What’s the best way to finance a new car?

Kara Gammell
06/24/2019, 09:26 AM

Cash or credit, it’s the eternal conundrum. Using financing to fund a car purchase has overwhelmingly become the most popular option for car buyers – and there are plenty of different ways to do it. 

Personal loan

If you want to buy a car and have a good credit rating, you should be able to take out a personal loan, which will allow you to spread out the payments over a number of years. 

A personal loan is often the cheapest way to finance a car purchase, but you’ll have to shop around, to find the best annual percentage rate (APR) of interest.

One useful tip, when buying a car with funds from a personal loan, is to pay for part of it with a credit card. It doesn’t have to be much: £100 is enough. The reason for this is that the purchase is then covered by Section 75 of the Consumer Credit Act 1974, so the card company shares liability with the dealer if anything goes wrong.


Hire purchase 

A hire purchase deal (HP) is the next most straightforward way of financing a car purchase. 

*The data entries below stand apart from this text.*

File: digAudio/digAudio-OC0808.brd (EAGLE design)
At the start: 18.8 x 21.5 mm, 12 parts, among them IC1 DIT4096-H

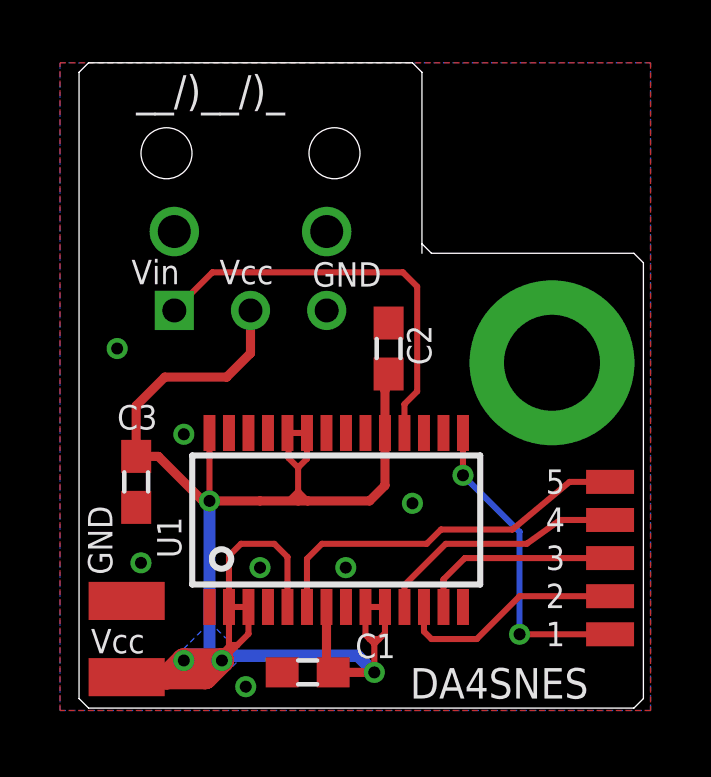
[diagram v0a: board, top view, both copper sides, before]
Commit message: bugfix on PCBs: - pin 14 (M/nS) was floating - now it is properly connected to GND
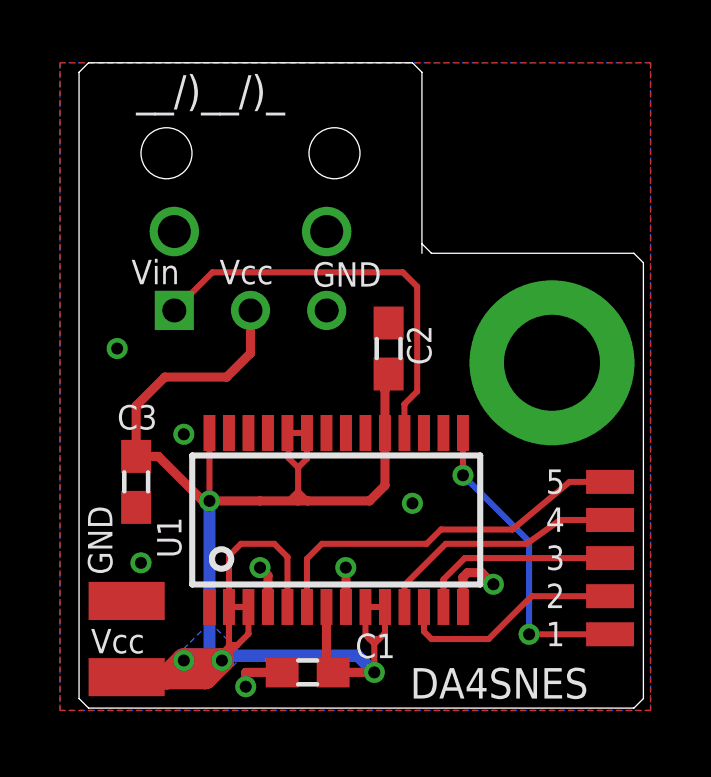
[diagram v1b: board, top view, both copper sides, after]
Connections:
- net GND: now also IC1.14
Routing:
- net GND: track 0.00 -> 6.66 mm, vias 8 -> 9
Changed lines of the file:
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@@
 <?xml version="1.0" encoding="utf-8"?>
 <!DOCTYPE eagle SYSTEM "eagle.dtd">
-<eagle version="8.6.0">
+<eagle version="9.6.2">
 <drawing>
 <settings>
@@
 <param name="checkStop" value="0"/>
 <param name="checkValues" value="0"/>
+<param name="checkNames" value="1"/>
+<param name="checkWireStubs" value="1"/>
+<param name="checkPolygonWidth" value="0"/>
 <param name="useDiameter" value="13"/>
 <param name="maxErrors" value="50"/>
@@
 <element name="3" library="wirepad" package="SMD0,8-1,6" value="" x="18.335625" y="5.08" smashed="yes" rot="R90"/>
 <element name="1" library="wirepad" package="SMD0,8-1,6" value="" x="18.335625" y="2.54" smashed="yes" rot="R90"/>
-<element name="U$1" library="cs8406" package="JT_OC-0808T*008" value="JT_OC0808" x="6.35" y="13.335" rot="MR0"/>
+<element name="U$1" library="cs8406" package="JT_OC-0808T*008" value="JT_OC0808" x="6.35" y="13.335" smashed="yes" rot="MR0"/>
 </elements>
 <signals>
@@
 <contactref element="U$1" pad="P$3"/>
 <via x="6.19125" y="0.79375" extent="1-16" drill="0.4"/>
+<contactref element="IC1" pad="14"/>
+<via x="14.44625" y="4.206875" extent="1-16" drill="0.4"/>
+<wire x1="13.4325" y1="3.45" x2="13.4325" y2="4.4440125" width="0.3048" layer="1"/>
+<wire x1="13.4325" y1="4.4440125" x2="13.58268125" y2="4.59419375" width="0.3048" layer="1"/>
+<wire x1="13.58268125" y1="4.59419375" x2="14.05893125" y2="4.59419375" width="0.3048" layer="1"/>
+<wire x1="14.05893125" y1="4.59419375" x2="14.44625" y2="4.206875" width="0.3048" layer="1"/>
+<wire x1="9.5325" y1="3.45" x2="9.5325" y2="4.755" width="0.3048" layer="1"/>
+<wire x1="9.5325" y1="4.755" x2="9.525" y2="4.7625" width="0.3048" layer="1"/>
+<wire x1="6.9325" y1="3.45" x2="6.9325" y2="4.4975" width="0.3048" layer="1"/>
+<wire x1="6.9325" y1="4.4975" x2="6.6675" y2="4.7625" width="0.3048" layer="1"/>
+<wire x1="6.19125" y1="0.79375" x2="6.19125" y2="1.27" width="0.3048" layer="1"/>
+<wire x1="6.19125" y1="1.27" x2="7.405" y2="1.27" width="0.3048" layer="1"/>
 </signal>
 <signal name="VCC">
@@
 <contactref element="IC1" pad="15"/>
 <contactref element="1" pad="P$1"/>
-<wire x1="18.335625" y1="2.54" x2="15.319375" y2="2.54" width="0.2032" layer="1"/>
-<via x="15.319375" y="2.54" extent="1-16" drill="0.4"/>
-<wire x1="15.319375" y1="2.54" x2="15.319375" y2="5.953125" width="0.2032" layer="16"/>
-<wire x1="15.319375" y1="5.953125" x2="13.4325" y2="7.84" width="0.2032" layer="16"/>
+<wire x1="18.335625" y1="2.54" x2="15.636875" y2="2.54" width="0.2032" layer="1"/>
+<via x="15.636875" y="2.54" extent="1-16" drill="0.4"/>
+<wire x1="15.636875" y1="2.54" x2="15.636875" y2="5.635625" width="0.2032" layer="16"/>
+<wire x1="15.636875" y1="5.635625" x2="13.4325" y2="7.84" width="0.2032" layer="16"/>
 <via x="13.4325" y="7.84" extent="1-16" drill="0.4"/>
 <wire x1="13.4325" y1="9.25" x2="13.4325" y2="7.84" width="0.2032" layer="1"/>
@@
 <wire x1="12.1325" y1="3.45" x2="12.1325" y2="2.63125" width="0.2032" layer="1"/>
 <wire x1="12.1325" y1="2.63125" x2="12.3825" y2="2.38125" width="0.2032" layer="1"/>
-<wire x1="12.3825" y1="2.38125" x2="13.890625" y2="2.38125" width="0.2032" layer="1"/>
-<wire x1="13.890625" y1="2.38125" x2="15.319375" y2="3.81" width="0.2032" layer="1"/>
-<wire x1="15.319375" y1="3.81" x2="18.335625" y2="3.81" width="0.2032" layer="1"/>
+<wire x1="12.3825" y1="2.38125" x2="14.2875" y2="2.38125" width="0.2032" layer="1"/>
+<wire x1="14.2875" y1="2.38125" x2="15.71625" y2="3.81" width="0.2032" layer="1"/>
+<wire x1="15.71625" y1="3.81" x2="18.335625" y2="3.81" width="0.2032" layer="1"/>
 </signal>
 <signal name="N$6">
@@
 </signal>
 </signals>
+<mfgpreviewcolors>
+<mfgpreviewcolor name="soldermaskcolor" color="0xC8008000"/>
+<mfgpreviewcolor name="silkscreencolor" color="0xFFFEFEFE"/>
+<mfgpreviewcolor name="backgroundcolor" color="0xFF282828"/>
+<mfgpreviewcolor name="coppercolor" color="0xFFFFBF00"/>
+<mfgpreviewcolor name="substratecolor" color="0xFF786E46"/>
+</mfgpreviewcolors>
 </board>
 </drawing>

With HP, you pay a deposit of around 10%, then fixed monthly payments over an agreed time. You won’t own the car until you’ve made the last payment.

These agreements are usually arranged by a car dealer and can be competitive for new cars, but less so for used ones. The repayment terms are often fairly flexible – from one year to five years – while the interest rates tend to be competitive, too. The credit on an HP agreement is secured against the car, so only the car can be seized if you default on payments.


Personal contract purchase

The personal contract purchase (PCP) is currently a very popular way to pay to drive a new car.

It’s similar to HP in many ways: the monthly payments tend to be lower, but the total amount of money you pay back is usually higher.

The main difference between a PCP and HP is that instead of borrowing the full cost of the car, you borrow the difference between its brand-new price and what it's predicted to be worth at the end of the hire agreement (usually two, three or four years). Basically, you’re paying for the depreciation.

At the end of the term you have three options.

The first is to just hand the car back. There will be no other costs, unless you’ve gone over the agreed mileage, or they detect any damage (and be warned, they usually can: you will be charged for the slightest mark or scuff to any part of the car).  

Alternatively, you can keep the car, making a final ‘balloon’ payment, which could be pretty sizeable. The amount is based on the car’s guaranteed future value (GFV), which is set when you take out the agreement. The GFV is based on factors such as the length of loan, anticipated mileage and the car’s projected retail value. 

After making the balloon payment, you can keep the car, or sell it yourself: you might want to do this if the car’s value is greater than the GFV, which means you might make some money out of it. It's not unknown, but it’s not guaranteed.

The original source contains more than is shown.